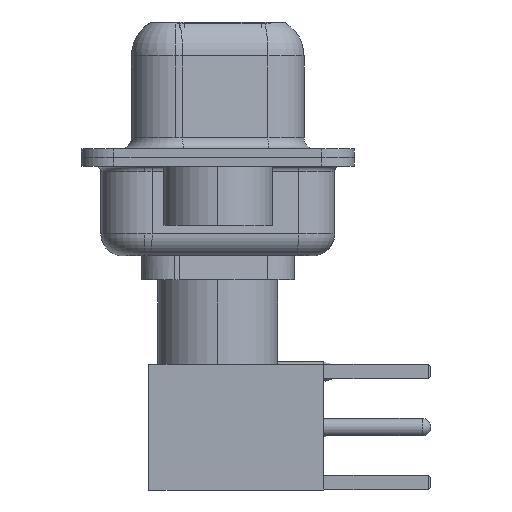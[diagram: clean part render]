
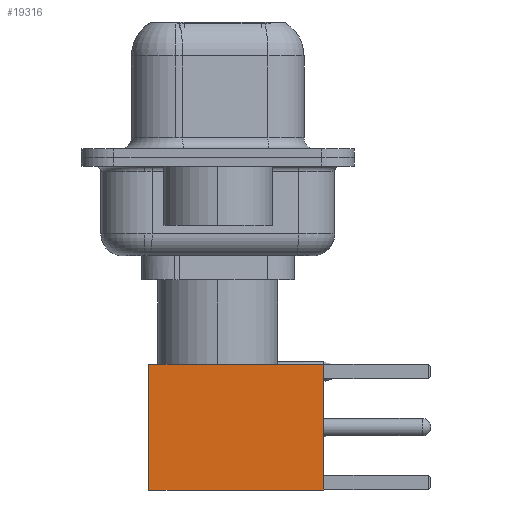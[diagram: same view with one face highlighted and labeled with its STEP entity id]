
A CAD part, left-side view. The second image highlights one B-rep face of the part: STEP entity #19316.
In plain terms, the highlighted face is planar.
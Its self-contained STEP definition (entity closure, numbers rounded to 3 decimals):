
#506 = EDGE_CURVE ( 'NONE', #7697, #4433, #12433, .T. ) ;
#1724 = DIRECTION ( 'NONE',  ( 0., 0., 1. ) ) ;
#2532 = VECTOR ( 'NONE', #9241, 1000. ) ;
#2975 = EDGE_CURVE ( 'NONE', #12296, #16759, #6318, .T. ) ;
#3584 = CARTESIAN_POINT ( 'NONE',  ( 2.875, 2.875, 0. ) ) ;
#4373 = ORIENTED_EDGE ( 'NONE', *, *, #506, .T. ) ;
#4433 = VERTEX_POINT ( 'NONE', #12106 ) ;
#4716 = CARTESIAN_POINT ( 'NONE',  ( 2.875, 2.875, 8. ) ) ;
#4890 = CARTESIAN_POINT ( 'NONE',  ( -2.875, 2.875, 0. ) ) ;
#5326 = EDGE_LOOP ( 'NONE', ( #10220, #4373, #14960, #19894 ) ) ;
#6318 = LINE ( 'NONE', #14356, #13024 ) ;
#6993 = LINE ( 'NONE', #4890, #15449 ) ;
#7697 = VERTEX_POINT ( 'NONE', #14811 ) ;
#9241 = DIRECTION ( 'NONE',  ( 0., 0., -1. ) ) ;
#10220 = ORIENTED_EDGE ( 'NONE', *, *, #25725, .T. ) ;
#10564 = DIRECTION ( 'NONE',  ( 0., 0., -1. ) ) ;
#11593 = AXIS2_PLACEMENT_3D ( 'NONE', #25049, #21259, #1724 ) ;
#11746 = PLANE ( 'NONE',  #11593 ) ;
#12106 = CARTESIAN_POINT ( 'NONE',  ( -2.875, 2.875, 0. ) ) ;
#12296 = VERTEX_POINT ( 'NONE', #4716 ) ;
#12433 = LINE ( 'NONE', #12561, #19023 ) ;
#12561 = CARTESIAN_POINT ( 'NONE',  ( 0., 2.875, 0. ) ) ;
#12731 = CARTESIAN_POINT ( 'NONE',  ( -2.875, 2.875, 8. ) ) ;
#13024 = VECTOR ( 'NONE', #20413, 1000. ) ;
#13855 = FACE_OUTER_BOUND ( 'NONE', #5326, .T. ) ;
#14356 = CARTESIAN_POINT ( 'NONE',  ( 0., 2.875, 8. ) ) ;
#14811 = CARTESIAN_POINT ( 'NONE',  ( 2.875, 2.875, 0. ) ) ;
#14960 = ORIENTED_EDGE ( 'NONE', *, *, #22680, .F. ) ;
#15449 = VECTOR ( 'NONE', #10564, 1000. ) ;
#16759 = VERTEX_POINT ( 'NONE', #12731 ) ;
#19023 = VECTOR ( 'NONE', #20589, 1000. ) ;
#19316 = ADVANCED_FACE ( 'NONE', ( #13855 ), #11746, .T. ) ;
#19894 = ORIENTED_EDGE ( 'NONE', *, *, #2975, .F. ) ;
#20413 = DIRECTION ( 'NONE',  ( -1., 0., 0. ) ) ;
#20589 = DIRECTION ( 'NONE',  ( -1., 0., 0. ) ) ;
#21259 = DIRECTION ( 'NONE',  ( 0., 1., 0. ) ) ;
#22680 = EDGE_CURVE ( 'NONE', #16759, #4433, #6993, .T. ) ;
#25049 = CARTESIAN_POINT ( 'NONE',  ( 2.875, 2.875, 0. ) ) ;
#25423 = LINE ( 'NONE', #3584, #2532 ) ;
#25725 = EDGE_CURVE ( 'NONE', #12296, #7697, #25423, .T. ) ;

■ ■ ■

#### [Task item]
Your reply should be a verbatim retyping of the lines from the one that holds "#14960 = ORIENTED_EDGE" through the last line of the entries.

#### [Expected answer]
#14960 = ORIENTED_EDGE ( 'NONE', *, *, #22680, .F. ) ;
#15449 = VECTOR ( 'NONE', #10564, 1000. ) ;
#16759 = VERTEX_POINT ( 'NONE', #12731 ) ;
#19023 = VECTOR ( 'NONE', #20589, 1000. ) ;
#19316 = ADVANCED_FACE ( 'NONE', ( #13855 ), #11746, .T. ) ;
#19894 = ORIENTED_EDGE ( 'NONE', *, *, #2975, .F. ) ;
#20413 = DIRECTION ( 'NONE',  ( -1., 0., 0. ) ) ;
#20589 = DIRECTION ( 'NONE',  ( -1., 0., 0. ) ) ;
#21259 = DIRECTION ( 'NONE',  ( 0., 1., 0. ) ) ;
#22680 = EDGE_CURVE ( 'NONE', #16759, #4433, #6993, .T. ) ;
#25049 = CARTESIAN_POINT ( 'NONE',  ( 2.875, 2.875, 0. ) ) ;
#25423 = LINE ( 'NONE', #3584, #2532 ) ;
#25725 = EDGE_CURVE ( 'NONE', #12296, #7697, #25423, .T. ) ;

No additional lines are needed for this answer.